It’s been a long time since we could even think of such an article, doomed to the annals of history, PC’s were seen as a sunset industry with the advent of firstly the tablets and then the smartphones. But a revival of sort is happening with computing getting more attention due to heavy processing needed in new economies like eCommerce, cryto-mining and even gaming. All driving up demands and sending the industry back into production.
Total shipment across the globe was at positive territory after years of decline, Lenovo just a year ago was in the brink of distress has now turned fortunes around is heading upwards, Acer is also reporting better than expected revenue with HP continuing to lead in US and rest of the world. Good news for the industry all round surely, but before PC manufacturer could start popping the Champagne, Intel the company that makes 90% of processors for the industry is having problem keeping up with demands and could restrict supply.
In a statement released recently, CFO and Interim CEO at Intel Bob Swan alerted to the matter: “The continued explosion of data and the need to process, store, analyse and share it is driving industry innovation and incredible demand for compute performance in the cloud, the network and the enterprise. In fact, our data-centric businesses grew 25 percent through June, and cloud revenue grew a whopping 43 percent in the first six months. The performance of our PC-centric business has been even more surprising. Together as an industry, our products are convincing buyers it’s time to upgrade to a new PC. For example, second-quarter PC shipments grew globally for the first time in six years, according to Gartner. We now expect modest growth in the PC total addressable market (TAM) this year for the first time since 2011, driven by strong demand for gaming as well as commercial systems.”
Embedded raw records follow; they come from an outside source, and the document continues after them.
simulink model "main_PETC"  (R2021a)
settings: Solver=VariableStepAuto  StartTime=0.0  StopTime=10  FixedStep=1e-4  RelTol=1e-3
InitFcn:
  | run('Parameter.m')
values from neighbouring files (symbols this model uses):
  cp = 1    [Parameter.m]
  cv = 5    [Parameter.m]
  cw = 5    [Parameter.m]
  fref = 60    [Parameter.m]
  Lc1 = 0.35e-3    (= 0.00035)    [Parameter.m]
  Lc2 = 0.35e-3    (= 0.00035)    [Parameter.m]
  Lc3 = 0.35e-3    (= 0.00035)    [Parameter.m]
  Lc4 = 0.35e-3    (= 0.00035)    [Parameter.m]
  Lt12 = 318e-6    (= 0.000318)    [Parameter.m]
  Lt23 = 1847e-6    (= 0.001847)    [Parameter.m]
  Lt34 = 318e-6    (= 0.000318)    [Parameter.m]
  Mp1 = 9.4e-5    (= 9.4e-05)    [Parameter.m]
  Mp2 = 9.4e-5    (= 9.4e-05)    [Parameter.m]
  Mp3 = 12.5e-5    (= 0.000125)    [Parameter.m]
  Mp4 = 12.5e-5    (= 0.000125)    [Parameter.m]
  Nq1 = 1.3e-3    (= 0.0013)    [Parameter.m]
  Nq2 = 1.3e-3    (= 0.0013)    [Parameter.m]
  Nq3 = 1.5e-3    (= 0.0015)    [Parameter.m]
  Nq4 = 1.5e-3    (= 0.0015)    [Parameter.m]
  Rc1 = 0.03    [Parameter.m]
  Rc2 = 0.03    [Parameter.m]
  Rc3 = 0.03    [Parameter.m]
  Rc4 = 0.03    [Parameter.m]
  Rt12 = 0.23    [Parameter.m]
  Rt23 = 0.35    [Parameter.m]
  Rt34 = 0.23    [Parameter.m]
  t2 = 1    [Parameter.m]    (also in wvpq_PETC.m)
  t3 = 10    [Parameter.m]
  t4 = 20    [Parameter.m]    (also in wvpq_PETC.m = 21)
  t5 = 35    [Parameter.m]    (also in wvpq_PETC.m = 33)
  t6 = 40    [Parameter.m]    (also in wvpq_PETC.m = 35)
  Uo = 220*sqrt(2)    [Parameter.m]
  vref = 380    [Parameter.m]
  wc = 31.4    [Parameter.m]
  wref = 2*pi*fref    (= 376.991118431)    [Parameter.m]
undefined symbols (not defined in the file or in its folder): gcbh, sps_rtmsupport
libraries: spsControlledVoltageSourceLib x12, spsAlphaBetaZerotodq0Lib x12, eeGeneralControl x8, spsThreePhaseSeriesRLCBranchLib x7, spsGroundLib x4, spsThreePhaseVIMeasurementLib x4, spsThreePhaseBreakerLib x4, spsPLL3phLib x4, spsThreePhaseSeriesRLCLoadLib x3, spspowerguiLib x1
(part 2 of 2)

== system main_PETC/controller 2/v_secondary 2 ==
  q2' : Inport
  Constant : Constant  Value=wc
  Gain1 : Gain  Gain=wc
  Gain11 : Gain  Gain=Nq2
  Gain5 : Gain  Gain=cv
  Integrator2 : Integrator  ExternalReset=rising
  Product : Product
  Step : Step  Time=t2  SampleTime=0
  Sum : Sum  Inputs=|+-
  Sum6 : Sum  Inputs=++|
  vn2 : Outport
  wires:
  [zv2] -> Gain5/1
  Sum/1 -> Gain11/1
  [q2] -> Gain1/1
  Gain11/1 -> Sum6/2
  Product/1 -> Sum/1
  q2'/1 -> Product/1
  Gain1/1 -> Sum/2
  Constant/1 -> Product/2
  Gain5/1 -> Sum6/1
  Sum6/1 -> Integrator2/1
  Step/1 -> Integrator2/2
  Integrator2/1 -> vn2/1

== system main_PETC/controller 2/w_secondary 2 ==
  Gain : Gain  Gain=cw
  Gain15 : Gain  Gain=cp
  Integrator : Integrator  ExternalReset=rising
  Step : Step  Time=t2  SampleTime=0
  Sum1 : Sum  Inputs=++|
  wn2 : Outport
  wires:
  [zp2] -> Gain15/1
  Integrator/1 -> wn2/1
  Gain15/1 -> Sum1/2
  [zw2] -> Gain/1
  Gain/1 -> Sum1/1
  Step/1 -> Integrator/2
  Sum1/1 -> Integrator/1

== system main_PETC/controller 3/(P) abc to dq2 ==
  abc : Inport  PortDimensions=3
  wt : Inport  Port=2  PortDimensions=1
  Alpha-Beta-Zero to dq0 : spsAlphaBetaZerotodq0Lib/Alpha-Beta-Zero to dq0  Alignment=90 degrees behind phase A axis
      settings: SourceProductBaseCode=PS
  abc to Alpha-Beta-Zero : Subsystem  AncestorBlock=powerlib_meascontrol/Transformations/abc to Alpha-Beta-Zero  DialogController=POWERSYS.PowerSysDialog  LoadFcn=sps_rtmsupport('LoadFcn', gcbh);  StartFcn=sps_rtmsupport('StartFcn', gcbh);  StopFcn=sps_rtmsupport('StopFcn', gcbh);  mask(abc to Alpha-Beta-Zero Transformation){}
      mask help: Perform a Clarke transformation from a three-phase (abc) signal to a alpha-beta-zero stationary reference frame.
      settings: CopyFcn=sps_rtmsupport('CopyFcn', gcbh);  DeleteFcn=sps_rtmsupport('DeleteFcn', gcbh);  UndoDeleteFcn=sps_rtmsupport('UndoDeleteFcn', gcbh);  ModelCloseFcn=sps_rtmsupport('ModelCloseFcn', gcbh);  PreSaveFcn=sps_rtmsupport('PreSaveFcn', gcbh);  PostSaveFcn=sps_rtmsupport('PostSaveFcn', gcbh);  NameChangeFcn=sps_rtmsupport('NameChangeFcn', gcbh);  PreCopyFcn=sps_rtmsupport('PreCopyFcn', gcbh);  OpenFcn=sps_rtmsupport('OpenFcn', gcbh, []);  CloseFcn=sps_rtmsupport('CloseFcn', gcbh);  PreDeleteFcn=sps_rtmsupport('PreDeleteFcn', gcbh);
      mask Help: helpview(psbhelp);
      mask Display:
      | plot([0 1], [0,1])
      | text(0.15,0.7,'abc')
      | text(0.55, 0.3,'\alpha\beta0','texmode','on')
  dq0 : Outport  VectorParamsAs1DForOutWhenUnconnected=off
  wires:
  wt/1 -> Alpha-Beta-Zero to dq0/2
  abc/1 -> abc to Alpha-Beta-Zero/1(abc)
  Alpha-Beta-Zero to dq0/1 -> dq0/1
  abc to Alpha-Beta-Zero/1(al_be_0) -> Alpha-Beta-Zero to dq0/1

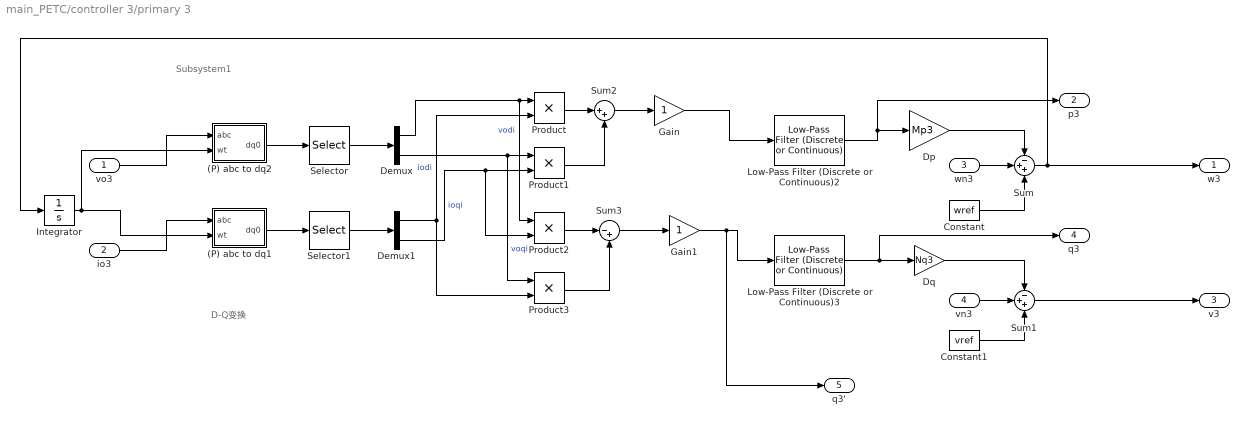
== system main_PETC/controller 3/primary 3 ==
  note: Subsystem1
  note: D-Q变换
  vo3 : Inport
  io3 : Inport  Port=2
  wn3 : Inport  Port=3
  vn3 : Inport  Port=4
  (P) abc to dq1 : Subsystem  AncestorBlock=powerlib_meascontrol/Transformations/abc to dq0  DialogController=POWERSYS.PowerSysDialog  LoadFcn=sps_rtmsupport('LoadFcn', gcbh);  StartFcn=sps_rtmsupport('StartFcn', gcbh);  StopFcn=sps_rtmsupport('StopFcn', gcbh);  mask(abc to dq0 Transformation){Alignment=90 degrees behind phase A axis}
      mask prompts: Alignment "Rotating frame alignment at wt=0:"
      mask help:
      | Perform a Park transformation from a three-phase (abc) signal to a dq0 rotating reference frame. Angular position of the rotating frame is given by input wt (rad).
      |
      | When the rotating frame alignment at wt=0 is 90 degrees behind phase A axis, a positive-sequence signal with Mag=1 & Phase=0 degrees yields the following dq values: d=1, q=0.
      mask init:
      | str=cat(2,gcb,'/Alpha-Beta-Zero to dq0');
      | if Alignment==1
      |     set_param(str,'Alignment','Aligned with phase A axis');
      | else
      |     set_param(str,'Alignment','90 degrees behind phase A axis');
      | end
      settings: CopyFcn=sps_rtmsupport('CopyFcn', gcbh);  DeleteFcn=sps_rtmsupport('DeleteFcn', gcbh);  UndoDeleteFcn=sps_rtmsupport('UndoDeleteFcn', gcbh);  ModelCloseFcn=sps_rtmsupport('ModelCloseFcn', gcbh);  PreSaveFcn=sps_rtmsupport('PreSaveFcn', gcbh);  PostSaveFcn=sps_rtmsupport('PostSaveFcn', gcbh);  NameChangeFcn=sps_rtmsupport('NameChangeFcn', gcbh);  PreCopyFcn=sps_rtmsupport('PreCopyFcn', gcbh);  OpenFcn=sps_rtmsupport('OpenFcn', gcbh, [1]);  CloseFcn=sps_rtmsupport('CloseFcn', gcbh);  PreDeleteFcn=sps_rtmsupport('PreDeleteFcn', gcbh);
      mask Help: helpview(psbhelp);
      mask TypeOptions Alignment: Aligned with phase A axis | 90 degrees behind phase A axis
      mask Display:
      | plot([0 1], [0,1])
      | port_label('input', 1, 'abc')
      | port_label('input', 2, 'wt')
      | port_label('output', 1, 'dq0')
  (P) abc to dq2 : Subsystem  AncestorBlock=powerlib_meascontrol/Transformations/abc to dq0  DialogController=POWERSYS.PowerSysDialog  LoadFcn=sps_rtmsupport('LoadFcn', gcbh);  StartFcn=sps_rtmsupport('StartFcn', gcbh);  StopFcn=sps_rtmsupport('StopFcn', gcbh);  mask(abc to dq0 Transformation){Alignment=90 degrees behind phase A axis}
      mask prompts: Alignment "Rotating frame alignment at wt=0:"
      mask help:
      | Perform a Park transformation from a three-phase (abc) signal to a dq0 rotating reference frame. Angular position of the rotating frame is given by input wt (rad).
      |
      | When the rotating frame alignment at wt=0 is 90 degrees behind phase A axis, a positive-sequence signal with Mag=1 & Phase=0 degrees yields the following dq values: d=1, q=0.
      mask init:
      | str=cat(2,gcb,'/Alpha-Beta-Zero to dq0');
      | if Alignment==1
      |     set_param(str,'Alignment','Aligned with phase A axis');
      | else
      |     set_param(str,'Alignment','90 degrees behind phase A axis');
      | end
      settings: CopyFcn=sps_rtmsupport('CopyFcn', gcbh);  DeleteFcn=sps_rtmsupport('DeleteFcn', gcbh);  UndoDeleteFcn=sps_rtmsupport('UndoDeleteFcn', gcbh);  ModelCloseFcn=sps_rtmsupport('ModelCloseFcn', gcbh);  PreSaveFcn=sps_rtmsupport('PreSaveFcn', gcbh);  PostSaveFcn=sps_rtmsupport('PostSaveFcn', gcbh);  NameChangeFcn=sps_rtmsupport('NameChangeFcn', gcbh);  PreCopyFcn=sps_rtmsupport('PreCopyFcn', gcbh);  OpenFcn=sps_rtmsupport('OpenFcn', gcbh, [1]);  CloseFcn=sps_rtmsupport('CloseFcn', gcbh);  PreDeleteFcn=sps_rtmsupport('PreDeleteFcn', gcbh);
      mask Help: helpview(psbhelp);
      mask TypeOptions Alignment: Aligned with phase A axis | 90 degrees behind phase A axis
      mask Display:
      | plot([0 1], [0,1])
      | port_label('input', 1, 'abc')
      | port_label('input', 2, 'wt')
      | port_label('output', 1, 'dq0')
  Constant : Constant  Value=wref
  Constant1 : Constant  Value=vref
  Demux : Demux  Outputs=2
  Demux1 : Demux  Outputs=2
  Dp : Gain  Gain=Mp3
  Dq : Gain  Gain=Nq3
  Gain : Gain
  Gain1 : Gain
  Integrator : Integrator
  Low-Pass Filter (Discrete or Continuous)2 : eeGeneralControl/Low-Pass Filter (Discrete or Continuous)  K=1  T=1/wc  B=inf  A=-inf  init_option=Inherited from block input  x0=0  Ts=-1
  Low-Pass Filter (Discrete or Continuous)3 : eeGeneralControl/Low-Pass Filter (Discrete or Continuous)  K=1  T=1/wc  B=inf  A=-inf  init_option=Inherited from block input  x0=0  Ts=-1
  Product{,1..3} (4 alike) : Product
  Selector : Selector  InputPortWidth=3  IndexOptions=Index vector (dialog)  Indices=[1 2]  OutputSizes=1
  Selector1 : Selector  InputPortWidth=3  IndexOptions=Index vector (dialog)  Indices=[1 2]  OutputSizes=1
  Sum : Sum  Inputs=-++
  Sum1 : Sum  Inputs=-++
  Sum2 : Sum  Inputs=|++
  Sum3 : Sum  Inputs=|-+
  w3 : Outport
  p3 : Outport  Port=2
  v3 : Outport  Port=3
  q3 : Outport  Port=4
  q3' : Outport  Port=5
  wires:
  vn3/1 -> Sum1/2
  Constant/1 -> Sum/3
  Sum1/1 -> v3/1
  Constant1/1 -> Sum1/3
  Low-Pass Filter (Discrete or Continuous)3/1 -> Dq/1, q3/1
  Sum/1 -> w3/1, Integrator/1
  Dq/1 -> Sum1/1
  wn3/1 -> Sum/2
  Dp/1 -> Sum/1
  Low-Pass Filter (Discrete or Continuous)2/1 -> Dp/1, p3/1
  Gain1/1 -> Low-Pass Filter (Discrete or Continuous)3/1, q3'/1
  Gain/1 -> Low-Pass Filter (Discrete or Continuous)2/1
  Sum3/1 -> Gain1/1
  Sum2/1 -> Gain/1
  vo3/1 -> (P) abc to dq2/1(abc)
  io3/1 -> (P) abc to dq1/1(abc)
  Product/1 -> Sum2/1
  Product1/1 -> Sum2/2
  Demux1/2 -> Product1/2, Product2/2  "ioqi"
  Product2/1 -> Sum3/1
  Product3/1 -> Sum3/2
  (P) abc to dq1/1(dq0) -> Selector1/1
  Demux1/1 -> Product3/2, Product/2  "iodi"
  (P) abc to dq2/1(dq0) -> Selector/1
  Demux/1 -> Product2/1, Product/1  "vodi"
  Integrator/1 -> (P) abc to dq1/2(wt), (P) abc to dq2/2(wt)
  Selector1/1 -> Demux1/1
  Demux/2 -> Product1/1, Product3/1  "voqi"
  Selector/1 -> Demux/1

== system main_PETC/controller 3/v_secondary 3 ==
  q3' : Inport
  Constant : Constant  Value=wc
  Gain1 : Gain  Gain=wc
  Gain11 : Gain  Gain=Nq3
  Gain5 : Gain  Gain=cv
  Integrator2 : Integrator  ExternalReset=rising
  Product : Product
  Subsystem2 : Subsystem
  Sum : Sum  Inputs=|+-
  Sum1 : Sum  Inputs=++|
  vn3 : Outport
  wires:
  [zv3] -> Gain5/1
  Gain5/1 -> Sum1/1
  Integrator2/1 -> vn3/1
  Gain11/1 -> Sum1/2
  Gain1/1 -> Sum/2
  Constant/1 -> Product/2
  q3'/1 -> Product/1
  [q3] -> Gain1/1
  Product/1 -> Sum/1
  Sum/1 -> Gain11/1
  [t] -> Integrator2/2
  Sum1/1 -> Subsystem2/1(In1)
  Subsystem2/1(Out1) -> Integrator2/1

== system main_PETC/controller 3/w_secondary 3 ==
  Gain1 : Gain  Gain=cw
  Gain15 : Gain  Gain=cp
  Integrator : Integrator  ExternalReset=rising
  Subsystem2 : Subsystem
  Sum6 : Sum  Inputs=++|
  wn3 : Outport
  wires:
  Integrator/1 -> wn3/1
  Gain15/1 -> Sum6/2
  [zw3] -> Gain1/1
  Gain1/1 -> Sum6/1
  [zp3] -> Gain15/1
  [t] -> Integrator/2
  Sum6/1 -> Subsystem2/1(In1)
  Subsystem2/1(Out1) -> Integrator/1

== system main_PETC/controller 4/(P) abc to dq2 ==
  abc : Inport  PortDimensions=3
  wt : Inport  Port=2  PortDimensions=1
  Alpha-Beta-Zero to dq0 : spsAlphaBetaZerotodq0Lib/Alpha-Beta-Zero to dq0  Alignment=90 degrees behind phase A axis
      settings: SourceProductBaseCode=PS
  abc to Alpha-Beta-Zero : Subsystem  AncestorBlock=powerlib_meascontrol/Transformations/abc to Alpha-Beta-Zero  DialogController=POWERSYS.PowerSysDialog  LoadFcn=sps_rtmsupport('LoadFcn', gcbh);  StartFcn=sps_rtmsupport('StartFcn', gcbh);  StopFcn=sps_rtmsupport('StopFcn', gcbh);  mask(abc to Alpha-Beta-Zero Transformation){}
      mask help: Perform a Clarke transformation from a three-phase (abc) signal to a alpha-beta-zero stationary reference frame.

Now for the challenge… The surprising return to PC TAM growth has put pressure on the factory network. The company is prioritising the production of Intel Xeon and Intel Core processors to serve the high-performance segments of the market which is tightening supply for the entry-level of the PC market.
To address the challenges, Intel is taking action by firstly increasing capex from an earlier $14 billion and adding another $1 billion into the 14nm manufacturing sites and has also reiterated its progress in the 10nm process which should expect volume in 2019.
For now there will be production delays and expect slower availability of orders, on the hind sight this is an healthy problem to have for the industry, as a whole.